Task input

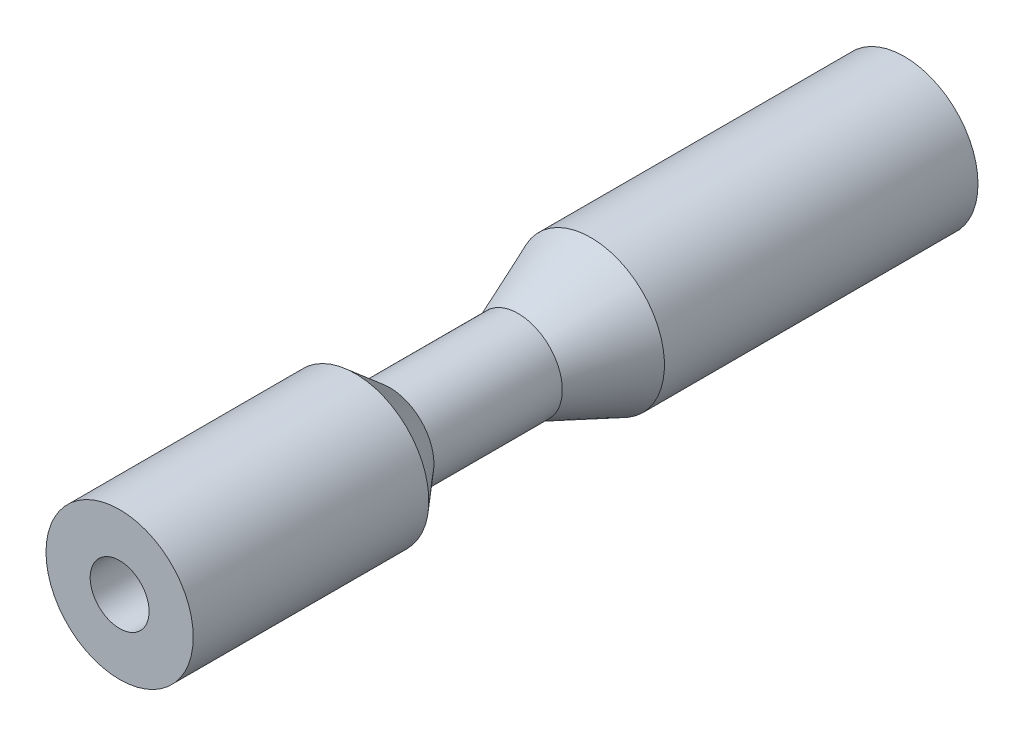
ISO-10303-21;
HEADER;
FILE_DESCRIPTION(('STEP AP214'),'2;1');
FILE_NAME('part.step','',(''),(''),'','','');
FILE_SCHEMA(('AUTOMOTIVE_DESIGN { 1 0 10303 214 1 1 1 1 }'));
ENDSEC;
DATA;
#1=APPLICATION_CONTEXT('core data for automotive mechanical design processes');
#2=APPLICATION_PROTOCOL_DEFINITION('international standard','automotive_design',2000,#1);
#3=PRODUCT_CONTEXT('',#1,'mechanical');
#4=PRODUCT('Part','Part','',(#3));
#5=PRODUCT_RELATED_PRODUCT_CATEGORY('part','',(#4));
#6=PRODUCT_DEFINITION_FORMATION('','',#4);
#7=PRODUCT_DEFINITION_CONTEXT('part definition',#1,'design');
#8=PRODUCT_DEFINITION('design','',#6,#7);
#9=PRODUCT_DEFINITION_SHAPE('','',#8);
#10=(LENGTH_UNIT() NAMED_UNIT(*) SI_UNIT(.MILLI.,.METRE.));
#11=(NAMED_UNIT(*) PLANE_ANGLE_UNIT() SI_UNIT($,.RADIAN.));
#12=(NAMED_UNIT(*) SI_UNIT($,.STERADIAN.) SOLID_ANGLE_UNIT());
#13=UNCERTAINTY_MEASURE_WITH_UNIT(LENGTH_MEASURE(1.E-05),#10,'distance_accuracy_value','');
#14=(GEOMETRIC_REPRESENTATION_CONTEXT(3) GLOBAL_UNCERTAINTY_ASSIGNED_CONTEXT((#13)) GLOBAL_UNIT_ASSIGNED_CONTEXT((#10,
#11,#12)) REPRESENTATION_CONTEXT('',''));
#15=CARTESIAN_POINT('',(0.,0.,0.));
#16=DIRECTION('',(0.,0.,1.));
#17=DIRECTION('',(1.,0.,0.));
#18=AXIS2_PLACEMENT_3D('',#15,#16,#17);
#19=CARTESIAN_POINT('',(0.,0.,27.));
#20=DIRECTION('',(0.,0.,-1.));
#21=DIRECTION('',(-1.,0.,0.));
#22=AXIS2_PLACEMENT_3D('',#19,#20,#21);
#23=CYLINDRICAL_SURFACE('',#22,2.5);
#24=CARTESIAN_POINT('',(0.,0.,27.));
#25=DIRECTION('',(0.,0.,1.));
#26=DIRECTION('',(1.,0.,0.));
#27=AXIS2_PLACEMENT_3D('',#24,#25,#26);
#28=CIRCLE('',#27,2.5);
#29=CARTESIAN_POINT('',(2.5,0.,27.));
#30=VERTEX_POINT('',#29);
#31=EDGE_CURVE('E41',#30,#30,#28,.T.);
#32=ORIENTED_EDGE('',*,*,#31,.F.);
#33=EDGE_LOOP('',(#32));
#34=FACE_BOUND('',#33,.T.);
#35=CARTESIAN_POINT('',(0.,0.,19.));
#36=DIRECTION('',(0.,0.,-1.));
#37=DIRECTION('',(-1.,0.,0.));
#38=AXIS2_PLACEMENT_3D('',#35,#36,#37);
#39=CIRCLE('',#38,2.5);
#40=CARTESIAN_POINT('',(-2.5,0.,19.));
#41=VERTEX_POINT('',#40);
#42=EDGE_CURVE('E45',#41,#41,#39,.T.);
#43=ORIENTED_EDGE('',*,*,#42,.F.);
#44=EDGE_LOOP('',(#43));
#45=FACE_BOUND('',#44,.T.);
#46=ADVANCED_FACE('F30',(#34,#45),#23,.T.);
#47=CARTESIAN_POINT('',(0.,0.,27.));
#48=DIRECTION('',(0.,0.,1.));
#49=DIRECTION('',(1.,0.,0.));
#50=AXIS2_PLACEMENT_3D('',#47,#48,#49);
#51=PLANE('',#50);
#52=CARTESIAN_POINT('',(0.,0.,27.));
#53=DIRECTION('',(0.,0.,1.));
#54=DIRECTION('',(1.,0.,0.));
#55=AXIS2_PLACEMENT_3D('',#52,#53,#54);
#56=CIRCLE('',#55,0.999999999999998);
#57=CARTESIAN_POINT('',(0.999999999999998,0.,27.));
#58=VERTEX_POINT('',#57);
#59=EDGE_CURVE('E62',#58,#58,#56,.T.);
#60=ORIENTED_EDGE('',*,*,#59,.F.);
#61=EDGE_LOOP('',(#60));
#62=FACE_BOUND('',#61,.T.);
#63=ORIENTED_EDGE('',*,*,#31,.T.);
#64=EDGE_LOOP('',(#63));
#65=FACE_BOUND('',#64,.T.);
#66=ADVANCED_FACE('F89',(#62,#65),#51,.T.);
#67=CARTESIAN_POINT('',(0.,0.,17.8276762664459));
#68=DIRECTION('',(0.,0.,1.));
#69=DIRECTION('',(1.,0.,0.));
#70=AXIS2_PLACEMENT_3D('',#67,#68,#69);
#71=CONICAL_SURFACE('',#70,1.5,0.706237021045399);
#72=ORIENTED_EDGE('',*,*,#42,.T.);
#73=EDGE_LOOP('',(#72));
#74=FACE_BOUND('',#73,.T.);
#75=CARTESIAN_POINT('',(0.,0.,17.8276762664459));
#76=DIRECTION('',(0.,0.,-1.));
#77=DIRECTION('',(-1.,0.,0.));
#78=AXIS2_PLACEMENT_3D('',#75,#76,#77);
#79=CIRCLE('',#78,1.5);
#80=CARTESIAN_POINT('',(-1.5,0.,17.8276762664459));
#81=VERTEX_POINT('',#80);
#82=EDGE_CURVE('E50',#81,#81,#79,.T.);
#83=ORIENTED_EDGE('',*,*,#82,.F.);
#84=EDGE_LOOP('',(#83));
#85=FACE_BOUND('',#84,.T.);
#86=ADVANCED_FACE('F94',(#74,#85),#71,.T.);
#87=CARTESIAN_POINT('',(0.,0.,0.));
#88=DIRECTION('',(0.,0.,-1.));
#89=DIRECTION('',(-1.,0.,0.));
#90=AXIS2_PLACEMENT_3D('',#87,#88,#89);
#91=CYLINDRICAL_SURFACE('',#90,1.5);
#92=ORIENTED_EDGE('',*,*,#82,.T.);
#93=EDGE_LOOP('',(#92));
#94=FACE_BOUND('',#93,.T.);
#95=CARTESIAN_POINT('',(0.,0.,13.4678422706706));
#96=DIRECTION('',(0.,0.,-1.));
#97=DIRECTION('',(-1.,0.,0.));
#98=AXIS2_PLACEMENT_3D('',#95,#96,#97);
#99=CIRCLE('',#98,1.5);
#100=CARTESIAN_POINT('',(-1.5,0.,13.4678422706706));
#101=VERTEX_POINT('',#100);
#102=EDGE_CURVE('E53',#101,#101,#99,.T.);
#103=ORIENTED_EDGE('',*,*,#102,.F.);
#104=EDGE_LOOP('',(#103));
#105=FACE_BOUND('',#104,.T.);
#106=ADVANCED_FACE('F84',(#94,#105),#91,.T.);
#107=CARTESIAN_POINT('',(0.,0.,11.));
#108=DIRECTION('',(0.,0.,-1.));
#109=DIRECTION('',(-1.,0.,0.));
#110=AXIS2_PLACEMENT_3D('',#107,#108,#109);
#111=CONICAL_SURFACE('',#110,2.5,0.384991632666817);
#112=ORIENTED_EDGE('',*,*,#102,.T.);
#113=EDGE_LOOP('',(#112));
#114=FACE_BOUND('',#113,.T.);
#115=CARTESIAN_POINT('',(0.,0.,11.));
#116=DIRECTION('',(0.,0.,-1.));
#117=DIRECTION('',(-1.,0.,0.));
#118=AXIS2_PLACEMENT_3D('',#115,#116,#117);
#119=CIRCLE('',#118,2.5);
#120=CARTESIAN_POINT('',(-2.5,0.,11.));
#121=VERTEX_POINT('',#120);
#122=EDGE_CURVE('E56',#121,#121,#119,.T.);
#123=ORIENTED_EDGE('',*,*,#122,.F.);
#124=EDGE_LOOP('',(#123));
#125=FACE_BOUND('',#124,.T.);
#126=ADVANCED_FACE('F78',(#114,#125),#111,.T.);
#127=CARTESIAN_POINT('',(0.,0.,0.));
#128=DIRECTION('',(0.,0.,1.));
#129=DIRECTION('',(1.,0.,0.));
#130=AXIS2_PLACEMENT_3D('',#127,#128,#129);
#131=PLANE('',#130);
#132=CARTESIAN_POINT('',(0.,0.,0.));
#133=DIRECTION('',(0.,0.,-1.));
#134=DIRECTION('',(-1.,0.,0.));
#135=AXIS2_PLACEMENT_3D('',#132,#133,#134);
#136=CIRCLE('',#135,0.25);
#137=CARTESIAN_POINT('',(-0.25,0.,0.));
#138=VERTEX_POINT('',#137);
#139=EDGE_CURVE('E68',#138,#138,#136,.T.);
#140=ORIENTED_EDGE('',*,*,#139,.F.);
#141=EDGE_LOOP('',(#140));
#142=FACE_BOUND('',#141,.T.);
#143=CARTESIAN_POINT('',(0.,0.,0.));
#144=DIRECTION('',(0.,0.,1.));
#145=DIRECTION('',(1.,0.,0.));
#146=AXIS2_PLACEMENT_3D('',#143,#144,#145);
#147=CIRCLE('',#146,0.499999999999963);
#148=CARTESIAN_POINT('',(0.499999999999962,0.,0.));
#149=VERTEX_POINT('',#148);
#150=EDGE_CURVE('E10',#149,#149,#147,.F.);
#151=ORIENTED_EDGE('',*,*,#150,.T.);
#152=EDGE_LOOP('',(#151));
#153=FACE_BOUND('',#152,.T.);
#154=ADVANCED_FACE('F75',(#142,#153),#131,.F.);
#155=CARTESIAN_POINT('',(0.,0.,0.35265396141693));
#156=DIRECTION('',(0.,0.,1.));
#157=DIRECTION('',(1.,0.,0.));
#158=AXIS2_PLACEMENT_3D('',#155,#156,#157);
#159=CIRCLE('',#158,2.5);
#160=CARTESIAN_POINT('',(2.5,0.,0.35265396141693));
#161=VERTEX_POINT('',#160);
#162=EDGE_CURVE('E37',#161,#161,#159,.T.);
#163=ORIENTED_EDGE('',*,*,#162,.T.);
#164=EDGE_LOOP('',(#163));
#165=FACE_BOUND('',#164,.T.);
#166=ORIENTED_EDGE('',*,*,#122,.T.);
#167=EDGE_LOOP('',(#166));
#168=FACE_BOUND('',#167,.T.);
#169=ADVANCED_FACE('F77',(#165,#168),#23,.T.);
#170=CARTESIAN_POINT('',(0.,0.,0.35265396141693));
#171=DIRECTION('',(0.,0.,1.));
#172=DIRECTION('',(1.,0.,0.));
#173=AXIS2_PLACEMENT_3D('',#170,#171,#172);
#174=CONICAL_SURFACE('',#173,2.5,1.39626340159547);
#175=CARTESIAN_POINT('',(0.499999999999962,0.,0.));
#176=CARTESIAN_POINT('',(0.520833333333296,0.,0.00367347876475963));
#177=CARTESIAN_POINT('',(0.541666666666629,0.,0.00734695752951932));
#178=CARTESIAN_POINT('',(0.583333333333297,0.,0.0146939150590387));
#179=CARTESIAN_POINT('',(0.60416666666663,0.,0.0183673938237984));
#180=CARTESIAN_POINT('',(0.645833333333298,0.,0.0257143513533178));
#181=CARTESIAN_POINT('',(0.666666666666632,0.,0.0293878301180775));
#182=CARTESIAN_POINT('',(0.708333333333299,0.,0.0367347876475968));
#183=CARTESIAN_POINT('',(0.729166666666633,0.,0.0404082664123565));
#184=CARTESIAN_POINT('',(0.7708333333333,0.,0.0477552239418759));
#185=CARTESIAN_POINT('',(0.791666666666634,0.,0.0514287027066356));
#186=CARTESIAN_POINT('',(0.833333333333301,0.,0.058775660236155));
#187=CARTESIAN_POINT('',(0.854166666666635,0.,0.0624491390009146));
#188=CARTESIAN_POINT('',(0.895833333333303,0.,0.069796096530434));
#189=CARTESIAN_POINT('',(0.916666666666636,0.,0.0734695752951937));
#190=CARTESIAN_POINT('',(0.958333333333304,0.,0.0808165328247131));
#191=CARTESIAN_POINT('',(0.979166666666638,0.,0.0844900115894728));
#192=CARTESIAN_POINT('',(1.0208333333333,0.,0.0918369691189922));
#193=CARTESIAN_POINT('',(1.04166666666664,0.,0.0955104478837518));
#194=CARTESIAN_POINT('',(1.08333333333331,0.,0.102857405413271));
#195=CARTESIAN_POINT('',(1.10416666666664,0.,0.106530884178031));
#196=CARTESIAN_POINT('',(1.14583333333331,0.,0.11387784170755));
#197=CARTESIAN_POINT('',(1.16666666666664,0.,0.11755132047231));
#198=CARTESIAN_POINT('',(1.20833333333331,0.,0.124898278001829));
#199=CARTESIAN_POINT('',(1.22916666666664,0.,0.128571756766589));
#200=CARTESIAN_POINT('',(1.27083333333331,0.,0.135918714296108));
#201=CARTESIAN_POINT('',(1.29166666666664,0.,0.139592193060868));
#202=CARTESIAN_POINT('',(1.33333333333331,0.,0.146939150590387));
#203=CARTESIAN_POINT('',(1.35416666666664,0.,0.150612629355147));
#204=CARTESIAN_POINT('',(1.39583333333331,0.,0.157959586884667));
#205=CARTESIAN_POINT('',(1.41666666666665,0.,0.161633065649426));
#206=CARTESIAN_POINT('',(1.45833333333331,0.,0.168980023178946));
#207=CARTESIAN_POINT('',(1.47916666666665,0.,0.172653501943705));
#208=CARTESIAN_POINT('',(1.52083333333331,0.,0.180000459473225));
#209=CARTESIAN_POINT('',(1.54166666666665,0.,0.183673938237984));
#210=CARTESIAN_POINT('',(1.58333333333332,0.,0.191020895767504));
#211=CARTESIAN_POINT('',(1.60416666666665,0.,0.194694374532263));
#212=CARTESIAN_POINT('',(1.64583333333332,0.,0.202041332061783));
#213=CARTESIAN_POINT('',(1.66666666666665,0.,0.205714810826542));
#214=CARTESIAN_POINT('',(1.70833333333332,0.,0.213061768356062));
#215=CARTESIAN_POINT('',(1.72916666666665,0.,0.216735247120822));
#216=CARTESIAN_POINT('',(1.77083333333332,0.,0.224082204650341));
#217=CARTESIAN_POINT('',(1.79166666666665,0.,0.227755683415101));
#218=CARTESIAN_POINT('',(1.83333333333332,0.,0.23510264094462));
#219=CARTESIAN_POINT('',(1.85416666666665,0.,0.23877611970938));
#220=CARTESIAN_POINT('',(1.89583333333332,0.,0.246123077238899));
#221=CARTESIAN_POINT('',(1.91666666666666,0.,0.249796556003659));
#222=CARTESIAN_POINT('',(1.95833333333332,0.,0.257143513533178));
#223=CARTESIAN_POINT('',(1.97916666666666,0.,0.260816992297938));
#224=CARTESIAN_POINT('',(2.02083333333332,0.,0.268163949827457));
#225=CARTESIAN_POINT('',(2.04166666666666,0.,0.271837428592217));
#226=CARTESIAN_POINT('',(2.08333333333333,0.,0.279184386121736));
#227=CARTESIAN_POINT('',(2.10416666666666,0.,0.282857864886496));
#228=CARTESIAN_POINT('',(2.14583333333333,0.,0.290204822416015));
#229=CARTESIAN_POINT('',(2.16666666666666,0.,0.293878301180775));
#230=CARTESIAN_POINT('',(2.20833333333333,0.,0.301225258710294));
#231=CARTESIAN_POINT('',(2.22916666666666,0.,0.304898737475054));
#232=CARTESIAN_POINT('',(2.27083333333333,0.,0.312245695004573));
#233=CARTESIAN_POINT('',(2.29166666666666,0.,0.315919173769333));
#234=CARTESIAN_POINT('',(2.33333333333333,0.,0.323266131298853));
#235=CARTESIAN_POINT('',(2.35416666666666,0.,0.326939610063612));
#236=CARTESIAN_POINT('',(2.39583333333333,0.,0.334286567593132));
#237=CARTESIAN_POINT('',(2.41666666666667,0.,0.337960046357891));
#238=CARTESIAN_POINT('',(2.45833333333333,0.,0.345307003887411));
#239=CARTESIAN_POINT('',(2.47916666666667,0.,0.34898048265217));
#240=CARTESIAN_POINT('',(2.5,0.,0.35265396141693));
#241=B_SPLINE_CURVE_WITH_KNOTS('',3,(#175,#176,#177,#178,#179,#180,#181,#182,#183,#184,#185,
#186,#187,#188,#189,#190,#191,#192,#193,#194,#195,#196,#197,#198,#199,#200,#201,#202,#203,#204,
#205,#206,#207,#208,#209,#210,#211,#212,#213,#214,#215,#216,#217,#218,#219,#220,#221,#222,#223,
#224,#225,#226,#227,#228,#229,#230,#231,#232,#233,#234,#235,#236,#237,#238,#239,#240),
.UNSPECIFIED.,.F.,.F.,(4,2,2,2,2,2,2,2,2,2,2,2,2,2,2,2,2,2,2,2,2,2,2,2,2,2,2,2,2,2,2,2,4),(0.,
0.0634641632428602,0.12692832648572,0.190392489728581,0.253856652971441,0.317320816214301,
0.380784979457161,0.444249142700022,0.507713305942882,0.571177469185742,0.634641632428602,
0.698105795671462,0.761569958914323,0.825034122157183,0.888498285400043,0.951962448642903,
1.01542661188576,1.07889077512862,1.14235493837148,1.20581910161434,1.2692832648572,
1.33274742810006,1.39621159134293,1.45967575458579,1.52313991782865,1.58660408107151,
1.65006824431437,1.71353240755723,1.77699657080009,1.84046073404295,1.90392489728581,
1.96738906052867,2.03085322377153),.UNSPECIFIED.);
#242=EDGE_CURVE('BSEAM32',#149,#161,#241,.T.);
#243=ORIENTED_EDGE('',*,*,#150,.F.);
#244=ORIENTED_EDGE('',*,*,#162,.F.);
#245=ORIENTED_EDGE('',*,*,#242,.T.);
#246=ORIENTED_EDGE('',*,*,#242,.F.);
#247=EDGE_LOOP('',(#243,#245,#244,#246));
#248=FACE_BOUND('',#247,.T.);
#249=ADVANCED_FACE('F32',(#248),#174,.T.);
#250=CARTESIAN_POINT('',(0.,0.,1.));
#251=DIRECTION('',(0.,0.,1.));
#252=DIRECTION('',(1.,0.,0.));
#253=AXIS2_PLACEMENT_3D('',#250,#251,#252);
#254=CONICAL_SURFACE('',#253,0.999999999999994,1.02974425867665);
#255=CARTESIAN_POINT('',(0.,0.,0.549354535729329));
#256=DIRECTION('',(0.,0.,1.));
#257=DIRECTION('',(1.,0.,0.));
#258=AXIS2_PLACEMENT_3D('',#255,#256,#257);
#259=CIRCLE('',#258,0.25);
#260=CARTESIAN_POINT('',(0.25,0.,0.549354535729329));
#261=VERTEX_POINT('',#260);
#262=EDGE_CURVE('E65',#261,#261,#259,.T.);
#263=CARTESIAN_POINT('',(0.,0.,1.));
#264=DIRECTION('',(0.,0.,1.));
#265=DIRECTION('',(1.,0.,0.));
#266=AXIS2_PLACEMENT_3D('',#263,#264,#265);
#267=CIRCLE('',#266,0.999999999999994);
#268=CARTESIAN_POINT('',(0.999999999999994,0.,1.));
#269=VERTEX_POINT('',#268);
#270=EDGE_CURVE('E59',#269,#269,#267,.T.);
#271=CARTESIAN_POINT('',(0.25,0.,0.549354535729329));
#272=CARTESIAN_POINT('',(0.2578125,0.,0.554048759315481));
#273=CARTESIAN_POINT('',(0.265625,0.,0.558742982901634));
#274=CARTESIAN_POINT('',(0.281249999999999,0.,0.56813143007394));
#275=CARTESIAN_POINT('',(0.289062499999999,0.,0.572825653660093));
#276=CARTESIAN_POINT('',(0.304687499999999,0.,0.582214100832398));
#277=CARTESIAN_POINT('',(0.312499999999999,0.,0.586908324418551));
#278=CARTESIAN_POINT('',(0.328124999999999,0.,0.596296771590857));
#279=CARTESIAN_POINT('',(0.335937499999999,0.,0.60099099517701));
#280=CARTESIAN_POINT('',(0.351562499999999,0.,0.610379442349316));
#281=CARTESIAN_POINT('',(0.359374999999999,0.,0.615073665935468));
#282=CARTESIAN_POINT('',(0.374999999999999,0.,0.624462113107774));
#283=CARTESIAN_POINT('',(0.382812499999999,0.,0.629156336693927));
#284=CARTESIAN_POINT('',(0.398437499999999,0.,0.638544783866232));
#285=CARTESIAN_POINT('',(0.406249999999998,0.,0.643239007452385));
#286=CARTESIAN_POINT('',(0.421874999999998,0.,0.652627454624691));
#287=CARTESIAN_POINT('',(0.429687499999998,0.,0.657321678210844));
#288=CARTESIAN_POINT('',(0.445312499999998,0.,0.666710125383149));
#289=CARTESIAN_POINT('',(0.453124999999998,0.,0.671404348969302));
#290=CARTESIAN_POINT('',(0.468749999999998,0.,0.680792796141608));
#291=CARTESIAN_POINT('',(0.476562499999998,0.,0.685487019727761));
#292=CARTESIAN_POINT('',(0.492187499999998,0.,0.694875466900067));
#293=CARTESIAN_POINT('',(0.499999999999998,0.,0.699569690486219));
#294=CARTESIAN_POINT('',(0.515624999999998,0.,0.708958137658525));
#295=CARTESIAN_POINT('',(0.523437499999998,0.,0.713652361244678));
#296=CARTESIAN_POINT('',(0.539062499999997,0.,0.723040808416983));
#297=CARTESIAN_POINT('',(0.546874999999997,0.,0.727735032003136));
#298=CARTESIAN_POINT('',(0.562499999999997,0.,0.737123479175442));
#299=CARTESIAN_POINT('',(0.570312499999997,0.,0.741817702761595));
#300=CARTESIAN_POINT('',(0.585937499999997,0.,0.751206149933901));
#301=CARTESIAN_POINT('',(0.593749999999997,0.,0.755900373520053));
#302=CARTESIAN_POINT('',(0.609374999999997,0.,0.765288820692359));
#303=CARTESIAN_POINT('',(0.617187499999997,0.,0.769983044278512));
#304=CARTESIAN_POINT('',(0.632812499999997,0.,0.779371491450818));
#305=CARTESIAN_POINT('',(0.640624999999997,0.,0.78406571503697));
#306=CARTESIAN_POINT('',(0.656249999999996,0.,0.793454162209276));
#307=CARTESIAN_POINT('',(0.664062499999996,0.,0.798148385795429));
#308=CARTESIAN_POINT('',(0.679687499999996,0.,0.807536832967734));
#309=CARTESIAN_POINT('',(0.687499999999996,0.,0.812231056553887));
#310=CARTESIAN_POINT('',(0.703124999999996,0.,0.821619503726193));
#311=CARTESIAN_POINT('',(0.710937499999996,0.,0.826313727312346));
#312=CARTESIAN_POINT('',(0.726562499999996,0.,0.835702174484652));
#313=CARTESIAN_POINT('',(0.734374999999996,0.,0.840396398070804));
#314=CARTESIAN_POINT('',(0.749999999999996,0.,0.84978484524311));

Exercise requirements
From the records above, extract exactly and only the lines that begin at the line with "#7=PRODUCT_DEFINITION_CONTEXT('part definition',#1,'design');" and stop after the line with "#20=DIRECTION('',(0.,0.,-1.));".

Final answer
#7=PRODUCT_DEFINITION_CONTEXT('part definition',#1,'design');
#8=PRODUCT_DEFINITION('design','',#6,#7);
#9=PRODUCT_DEFINITION_SHAPE('','',#8);
#10=(LENGTH_UNIT() NAMED_UNIT(*) SI_UNIT(.MILLI.,.METRE.));
#11=(NAMED_UNIT(*) PLANE_ANGLE_UNIT() SI_UNIT($,.RADIAN.));
#12=(NAMED_UNIT(*) SI_UNIT($,.STERADIAN.) SOLID_ANGLE_UNIT());
#13=UNCERTAINTY_MEASURE_WITH_UNIT(LENGTH_MEASURE(1.E-05),#10,'distance_accuracy_value','');
#14=(GEOMETRIC_REPRESENTATION_CONTEXT(3) GLOBAL_UNCERTAINTY_ASSIGNED_CONTEXT((#13)) GLOBAL_UNIT_ASSIGNED_CONTEXT((#10,
#11,#12)) REPRESENTATION_CONTEXT('',''));
#15=CARTESIAN_POINT('',(0.,0.,0.));
#16=DIRECTION('',(0.,0.,1.));
#17=DIRECTION('',(1.,0.,0.));
#18=AXIS2_PLACEMENT_3D('',#15,#16,#17);
#19=CARTESIAN_POINT('',(0.,0.,27.));
#20=DIRECTION('',(0.,0.,-1.));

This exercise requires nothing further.